И узнаем в
этот если не драматический, то, во всяком случае, не вполне безразличный для
девушки момент о личности Жени Рудневой гораздо больше, чем узнали бы из самых
пышных деклараций о высоких свойствах характера, присущих будущему Герою
Советского Союза.
Боевые эпизоды... Мне приходилось слышать, как эти слова произносились как бы
в неких иронических кавычках. А ведь каждый такой эпизод — это тяжкий труд,
а часто и пролитая кровь наших товарищей. Грешно говорить о них без глубокого
уважения... Но перечитали мы их, говоря откровенно, великое множество. И поняли,
что злоупотребление описаниями боевых эпизодов — как, наверное,
злоупотребление любыми, самыми высокими категориями — грозит инфляцией.
Кравцова явно отдает себе отчет в этом.
Но зато, если уж она приводит боевой эпизод, то такой, которого не забудешь!
Вроде того, когда над целью заел сброс контейнера с горючей жидкостью и, чтобы
сорвать его с замков, штурман Руфина Гашева — та самая, ради которой так
зачастил своими визитами в женский полк летчик Пляц, — вылезла на крыло и,
держась за расчалки, доползла к передней кромке. И все это — без парашюта!

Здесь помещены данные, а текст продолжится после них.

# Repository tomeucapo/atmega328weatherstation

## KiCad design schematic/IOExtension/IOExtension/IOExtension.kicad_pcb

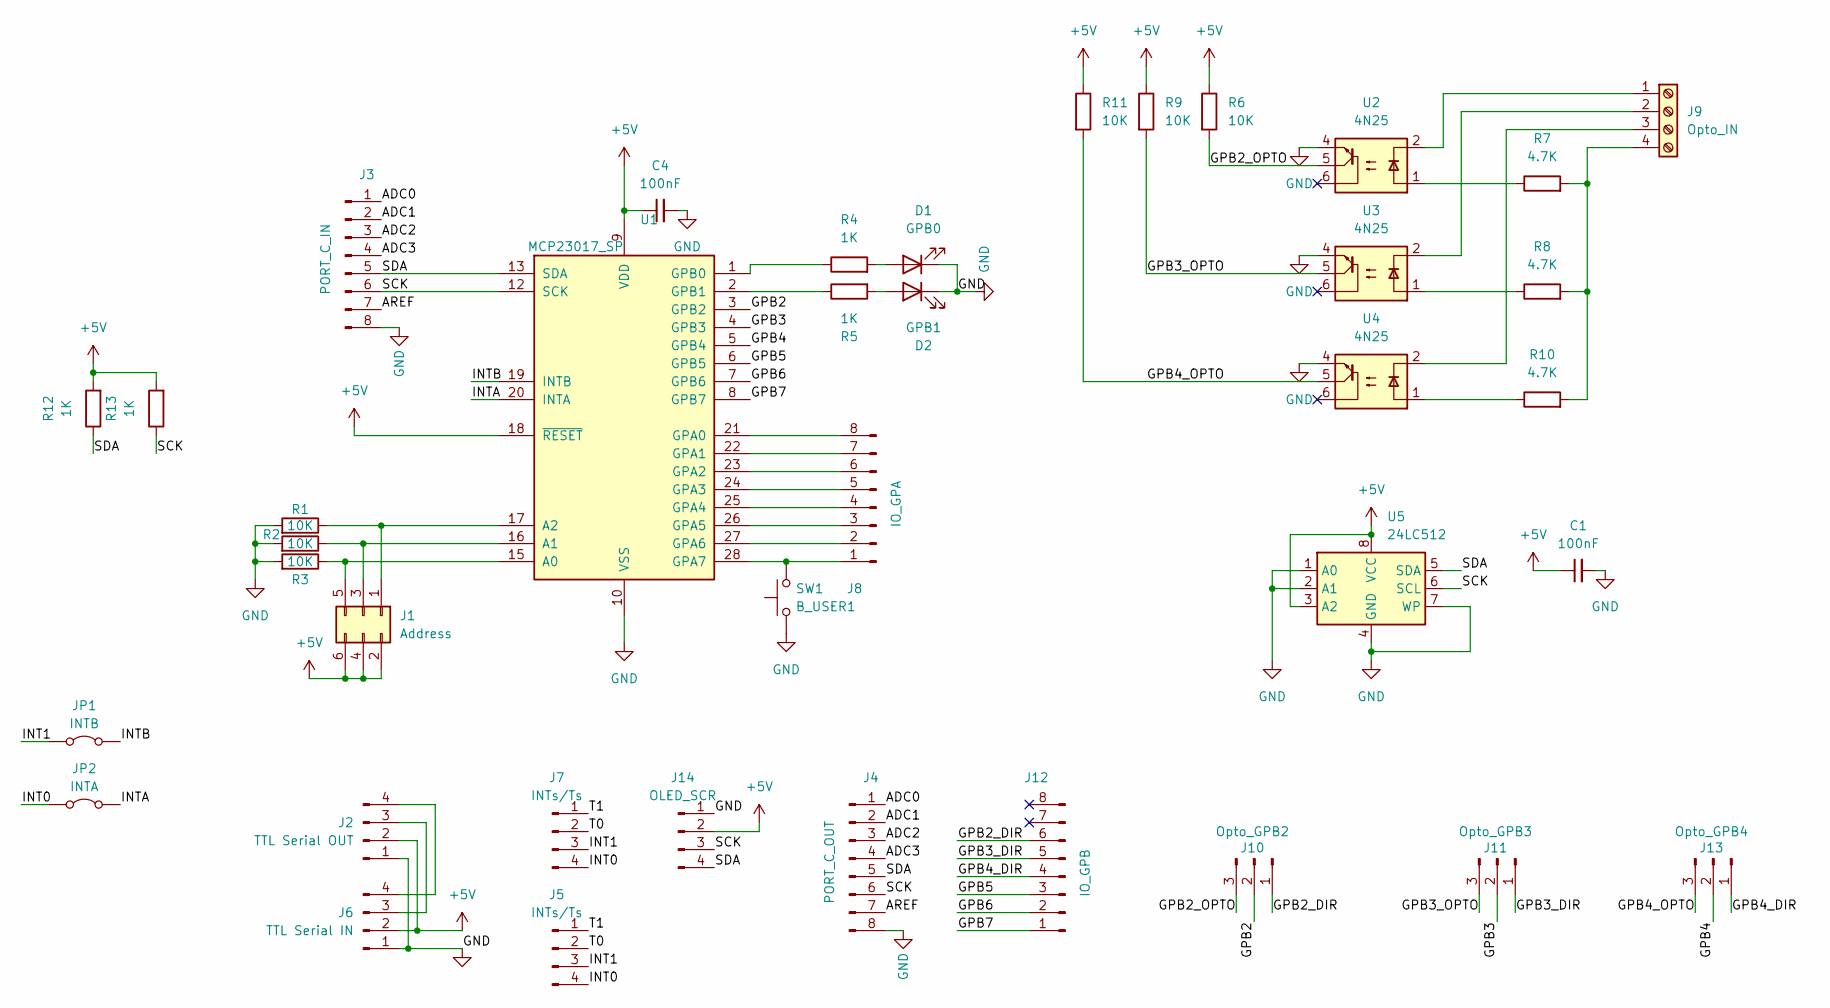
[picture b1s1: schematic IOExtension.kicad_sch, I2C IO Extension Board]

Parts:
C1, C4: 100nF; C_Disc_D7.0mm_W2.5mm_P5.00mm; MPN CK05BX104K; Farnell 1740547
D1: GPB0; LED_D3.0mm; Farnell 2984088
D2: GPB1; LED_D3.0mm; Farnell 3777906
J1: Address; PinHeader_2x03_P2.54mm_Vertical
J2: TTL Serial OUT; PinHeader_1x04_P2.54mm_Vertical
J3: PORT_C_IN; PinHeader_1x08_P2.54mm_Vertical
J4: PORT_C_OUT; PinHeader_1x08_P2.54mm_Vertical
J5, J7: INTs/Ts; PinHeader_1x04_P2.54mm_Vertical
J6: TTL Serial IN; PinHeader_1x04_P2.54mm_Vertical
J8: IO_GPA; PinHeader_1x08_P2.54mm_Vertical
J9: Opto_IN; TerminalBlock_Phoenix_MKDS-1,5-4-5.08_1x04_P5.08mm_Horizont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
J10: Opto_GPB2; PinHeader_1x03_P2.54mm_Vertical
J11: Opto_GPB3; PinHeader_1x03_P2.54mm_Vertical
J12: IO_GPB; PinHeader_1x06_P2.54mm_Vertical
J13: Opto_GPB4; PinHeader_1x03_P2.54mm_Vertical
J14: OLED_SCR; PinHeader_1x04_P2.54mm_Vertical
JP1: INTB; PinHeader_1x02_P2.54mm_Vertical
JP2: INTA; PinHeader_1x02_P2.54mm_Vertical
R1, R2, R3: 10K; R_Axial_DIN0204_L3.6mm_D1.6mm_P7.62mm_Horizontal; Farnell 9339051
R4, R5, R12, R13: 1K; R_Axial_DIN0204_L3.6mm_D1.6mm_P7.62mm_Horizontal; Farnell 9339051
R6, R9, R11: 10K; R_Axial_DIN0204_L3.6mm_D1.6mm_P7.62mm_Horizontal; Farnell 9339060
R7, R8, R10: 4.7K; R_Axial_DIN0204_L3.6mm_D1.6mm_P7.62mm_Horizontal; Farnell 9339540
SW1: B_USER1; SW_PUSH_6mm_H5mm
U1: MCP23017_SP; DIP-28_W7.62mm
U2, U3, U4: 4N25; DIP-6_W7.62mm; MPN CNY75A; Farnell 1045402
U5: 24LC512; DIP-8_W7.62mm

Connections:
+5V: C1.1, C4.1, J1.2, J1.4, J1.6, J2.2, J6.2, J14.2, R6.1, R9.1, R11.1, R12.2, R13.2, U1.9 (VDD), U1.18 (~RESET), U5.3 (A2), U5.8 (VCC)
/ADC0: J3.1, J4.1
/ADC1: J3.2, J4.2
/ADC2: J3.3, J4.3
/ADC3: J3.4, J4.4
/AREF: J3.7, J4.7
/GPB2: J10.2, U1.3 (GPB2)
/GPB2_DIR: J10.1, J12.6
/GPB2_OPTO: J10.3, R6.2, U2.5
/GPB3: J11.2, U1.4 (GPB3)
/GPB3_DIR: J11.1, J12.5
/GPB3_OPTO: J11.3, R9.2, U3.5
/GPB4: J13.2, U1.5 (GPB4)
/GPB4_DIR: J12.4, J13.1
/GPB4_OPTO: J13.3, R11.2, U4.5
/GPB5: J12.3, U1.6 (GPB5)
/GPB6: J12.2, U1.7 (GPB6)
/GPB7: J12.1, U1.8 (GPB7)
/INT0: J5.4, J7.4, JP2.1 (A)
/INT1: J5.3, J7.3, JP1.1 (A)
/INTA: JP2.2 (B), U1.20 (INTA)
/INTB: JP1.2 (B), U1.19 (INTB)
/SCK: J3.6, J4.6, J14.3, R13.1, U1.12 (SCK), U5.6 (SCL)
/SDA: J3.5, J4.5, J14.4, R12.1, U1.13 (SDA), U5.5 (SDA)
/T0: J5.2, J7.2
/T1: J5.1, J7.1
GND: C1.2, C4.2, D1.1 (K), D2.1 (K), J2.1, J3.8, J4.8, J6.1, J14.1, R1.2, R2.2, R3.2, SW1.1, U1.10 (VSS), U2.4, U3.4, U4.4, U5.1 (A0), U5.2 (A1), U5.4 (GND), U5.7 (WP)
unnamed: D1.2 (A), R4.2
unnamed: D2.2 (A), R5.2
unnamed: J1.1, R1.1, U1.17 (A2)
unnamed: J1.3, R2.1, U1.16 (A1)
unnamed: J1.5, R3.1, U1.15 (A0)
unnamed: J2.3, J6.3
unnamed: J2.4, J6.4
unnamed: J8.1, SW1.2, U1.28 (GPA7)
unnamed: J8.2, U1.27 (GPA6)
unnamed: J8.3, U1.26 (GPA5)
unnamed: J8.4, U1.25 (GPA4)
unnamed: J8.5, U1.24 (GPA3)
unnamed: J8.6, U1.23 (GPA2)
unnamed: J8.7, U1.22 (GPA1)
unnamed: J8.8, U1.21 (GPA0)
unnamed: J9.1, U2.2
unnamed: J9.2, U3.2
unnamed: J9.3, U4.2
unnamed: J9.4, R7.2, R8.2, R10.2
unnamed: R7.1, U2.1
unnamed: R8.1, U3.1
unnamed: R10.1, U4.1
unnamed: R4.1, U1.1 (GPB0)
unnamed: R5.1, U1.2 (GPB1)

Почему-то на самолетах По-2 большую (самую тяжелую) половину войны летали без
парашютов. Автор книги не скрывает своего естественного недоумения по этому
поводу: «В самом деле — почему до сих пор мы летали без парашютов?
Непонятно».
Кстати, в дальнейшем у Гашевой нашлись подражатели. Летавшая с Кравцовой
штурман Нина Реуцкая, убедившись в отказе кустарной системы сброса установленных
на крыле ящиков с боеприпасами, тоже вылезла в воздухе на крыло и прямо руками
спихнула, один за другим, восемь ящиков, столь жизненно необходимых нашей
пехотной части, отрезанной от основных сил.
Впечатление от подобных случаев дополнительно усиливается тем, что
рассказывает о них Кравцова внешне спокойно, без пафоса, с минимальным
количеством восклицательных знаков.
Конечно, не о всех своих однополчанах Кравцова пишет одинаково подробно.
Некоторые известные летчицы даже не упоминаются в ее книгах. Видимо, это
естественно — всего, о чем и о ком хотелось бы рассказать, не вместишь. Да
и сменяются люди в боевой части во время войны очень быстро. И все же Кравцовой
удается дать портреты — именно портреты — многих интересных людей.
Чуть больше двух страниц отдано «Юльке» — Юле Пашковой, прожившей в
полку, от дня своего появления в нем до дня гибели, всего несколько месяцев: «Ее
звали Юлей. Нет, Юлькой. Потому что все в ней говорило о том, что она —
Юлька». Две страницы — а облик человека остается... Или инструктор по радио
Петя, который к концу очередного занятия в столь трудной — видит
бог! — для него аудитории каждый раз выдавал напоследок передачу в темпе,
явно непосильном для его слушательниц. Тут хитрый Петя преследовал одновременно
две цели: во-первых, педагогическую — показать этим ядовитым девицам, что
им еще учиться и учиться, и, во-вторых... Впрочем, вторая цель прояснилась,
когда поднаторевшим в радиоприеме девушкам в конце концов удалось принять этот
ураганный текст: «Занятия прошли на высоком уровне. Кончаю передачу. Все девочки
работали хорошо, молодцы. За это я вас целую. С горячим приветом.Петя ».
* * *
Кравцова умеет в одной-двух коротких фразах дать, казалось бы, частную,
однако говорящую об очень многом деталь. Иногда это деталь контрастная, вроде
психологически трудно объяснимого, но жизненно правдивого: «...почему-то
назойливо лез в голову веселый мотив из «Севильского цирюльника». Это — в
воронке от снаряда, посреди минного поля на ничейной земле, после вынужденного
прыжка с парашютом из горящего самолета.